I did try at one point. I emailed the holy Kalanick in December. He forwarded to my area's GM, who emailed me to set up a time to discuss my concerns over the phone. I coordinated with our local FB group to prioritize issues/concerns to discuss and was prepared. Of course, he never followed through with calling me at the times I suggested within his parameters or replying to any further emails, so I ended up blowing up on him on the day of winter rate cuts and getting deactivated as a result. I lost interest afterwards. I'd be happy to contribute if A) I had the money, and B) there was a framework of how the association was going to approach issues/a better plan of attack than it currently stands. My biggest issue is how the hell are you going to reach enough drivers to make it work? Request rides, send a text with the link, and then cancel?

Even when I was a part of the Indy Uber FB group, we probably had 10-15% of drivers in the area at best. I do believe Uber is knowingly exploiting drivers, but they also know it is all but impossible for them to organize in any numbers that matter.


----------



## John Anderson (Jan 12, 2015)

IndyDriver said:


> I did try at one point. I emailed the holy Kalanick in December. He forwarded to my area's GM, who emailed me to set up a time to discuss my concerns over the phone. Of course, he never followed through with calling me at the times I suggested within his parameters or replying to any further emails, so I ended up blowing up on him on the day of winter rate cuts and getting deactivated as a result. I lost interest afterwards. I'd be happy to contribute if A) I had the money, and B) there was a framework of how the association was going to approach issues/a better plan of attack than it currently stands. My biggest issue is how the hell are you going to reach enough drivers to make it work? Request rides, send a text with the link, and then cancel?
> 
> Even when I was a part of the Indy Uber FB group, we probably had 10-15% of drivers in the area at best. I do believe Uber is knowingly exploiting drivers, but they also know it is all but impossible for them to organize in any numbers that matter.


You reached the blessed, the hallowed, the anointed? Were you nervous?


----------



## IndyDriver (Nov 6, 2014)

John Anderson said:


> You reached the blessed, the hallowed, the anointed? Were you nervous?


Not really. I was more worried about saying something to get myself deactivated than anything else, which I ended up doing anyway. I was actually slightly impressed in the moment that they were making an effort to reach out to a driver.


----------



## Fuzzyelvis (Dec 7, 2014)

Rich Brunelle said:


> Where are you reading this from. I do not have any of this in my contract. And, **** you! I at least5 tried to do more than you Mr, ****ingGuru Who the **** are you to talk shit to anyone? You are not doing shit but running your ****ing lip. What are you doing to improve anything? NOTHING! At least I am trying to do something positive. It is because of ********* like you that companies like Uber win. And let's back up a minute. What Attorneys are doing what for free? Are you talking about the decisions regarding employee/contractor? That has nothing to do with shit here. That decision will likely create a whole bunch of other issues that will continue to put real payment from reaching us, and those attorneys are not working for free at all, wait until you see their settlement. Tell you what, I'll agree to nominate you for Association President if you will just STFU and let grown ups discuss this. BTW, MY contract says none of what you are posting. I have no (I) or (ii) in my contract.

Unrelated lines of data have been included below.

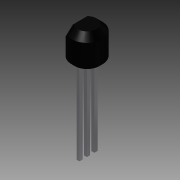
# Autodesk Inventor part: LM35CAZ
Saved by Autodesk Inventor 2014 (Build 180170000, 170)
## iProperties
Created: 2015-11-17
Part Number: LM35CAZ
Material: Generic
Document SubType Name: Modeling
Designer: Owner
Density: 1 g/cm^3
Appearance: Default
Author: Owner
Autodesk Inventor part; units mm, degrees
ref_plane "YZ Plane" through (0, 0, 0) normal (1, 0, 0) x (0, 1, 0)
ref_plane "XZ Plane" through (0, 0, 0) normal (0, 1, 0) x (-1, 0, 0)
ref_plane "XY Plane" through (0, 0, 0) normal (0, 0, 1) x (1, 0, 0)
sketch "Sketch1" plane through (0, 0, 0) normal (0, 1, 0) x (-1, 0, 0)
  circle A0 centre (0, 0) radius 2.6
  line L0 (1.59, 2.0572) -> (1.59, -2.0572)
  dimension "d0" = 5.2
  dimension "d1" = 4.19
  constraints: 2 end point, 2 point on circle, 1 centre point, 1 coincident, 1 vertical
  measures "d0" diameter of A0
extrude "Extrusion1" add sketch "Sketch1" along normal blind 5.2 contours L0 A0 picked at (-1.6247, 0.0943)
sketch "Sketch2" plane through (0, 0, 0) normal (1, 0, 0) x (0, 1, 0)
  line L0 (0, 1.545) -> (-14.2, 1.545)
  line L1 (-14.2, 1.545) -> (-14.2, 0.995)
  line L2 (-14.2, 0.995) -> (0, 0.995)
  line L3 (0, 0.995) -> (0, 1.545)
  line L4 (0, 0.275) -> (-14.2, 0.275)
  line L5 (-14.2, 0.275) -> (-14.2, -0.275)
  line L6 (-14.2, -0.275) -> (0, -0.275)
  line L7 (0, -0.275) -> (0, 0.275)
  line L8 (0, -1.545) -> (-14.2, -1.545)
  line L9 (-14.2, -1.545) -> (-14.2, -0.995)
  line L10 (-14.2, -0.995) -> (0, -0.995)
  line L11 (0, -0.995) -> (0, -1.545)
  line L12 (0, -2.6) -> (0, 2.6) projected
  point P0 (0, 0)
  point P1 (0, 2.0572)
  point P2 (0, -2.0572)
  dimension "d4" = 14.2
  dimension "d5" = 14.2
  dimension "d6" = 14.2
  dimension "d7" = 0
  dimension "d8" = 0
  dimension "d9" = 0.55
  dimension "d10" = 0.55
  dimension "d11" = 0.55
  dimension "d12" = 0.275
  dimension "d13" = 0.995
  dimension "d14" = 0.995
  constraints: 24 end point, 6 parallel, 3 horizontal, 3 perpendicular
  measures "d4" distance of L0.start L0.end
  measures "d5" distance of L4.start L4.end
  measures "d6" distance of L9.end L10.end
  measures "d7" distance between parallel lines of L12 L11
  measures "d8" distance from line of point (0, 0) L7
  measures "d9" distance of L4.end L5.end
  measures "d10" distance of L0.end L1.end
  measures "d11" distance of L8.end L9.end
  measures "d12" distance from line of point (0, 0) L4
  measures "d13" distance from line of L2 point (0, 0)
  measures "d14" distance from line of L10 point (0, 0)
extrude "Extrusion2" add sketch "Sketch2" along normal mid plane 0.5
chamfer "Chamfer1" distance 1 angle 45 1 edges at (2.6, 5.2, 0)
chamfer "Chamfer2" distance 0.5 angle 45 1 edges at (2.6, 0, 0)
chamfer "Chamfer3" distance 0.5 angle 45 3 edges at (-1.59, 4.9218, -0.9998) (-1.59, 4.9218, 0.9998) (-1.59, 5.2, 0)
chamfer "Chamfer4" distance 0.5 angle 45 1 edges at (-1.59, 0, 0)
body "Solid1"

Then I think you're the only one without that on your contract.


----------



## Fuzzyelvis (Dec 7, 2014)

Jeremy Joe said:


> Exactly, a STRIKE is practically impossible because of surge pricing. Plus rather than think long term and strike, drivers would rush out when they see it surge out of greed or more likely, desperation.


Strikes work because the union pays people while they strike. Also there is a picket line and scabs (those crossing it) are at best stigmatized. We have no picket line and no way to chase down scabs if if we could organize.


----------



## Chauffeur_James (Dec 12, 2014)

Rich Brunelle said:


> Where are you reading this from. I do not have any of this in my contract. And, **** you! I at least5 tried to do more than you Mr, ****ingGuru Who the **** are you to talk shit to anyone? You are not doing shit but running your ****ing lip. What are you doing to improve anything? NOTHING! At least I am trying to do something positive. It is because of ********* like you that companies like Uber win. And let's back up a minute. What Attorneys are doing what for free? Are you talking about the decisions regarding employee/contractor? That has nothing to do with shit here. That decision will likely create a whole bunch of other issues that will continue to put real payment from reaching us, and those attorneys are not working for free at all, wait until you see their settlement. Tell you what, I'll agree to nominate you for Association President if you will just STFU and let grown ups discuss this. BTW, MY contract says none of what you are posting. I have no (I) or (ii) in my contract.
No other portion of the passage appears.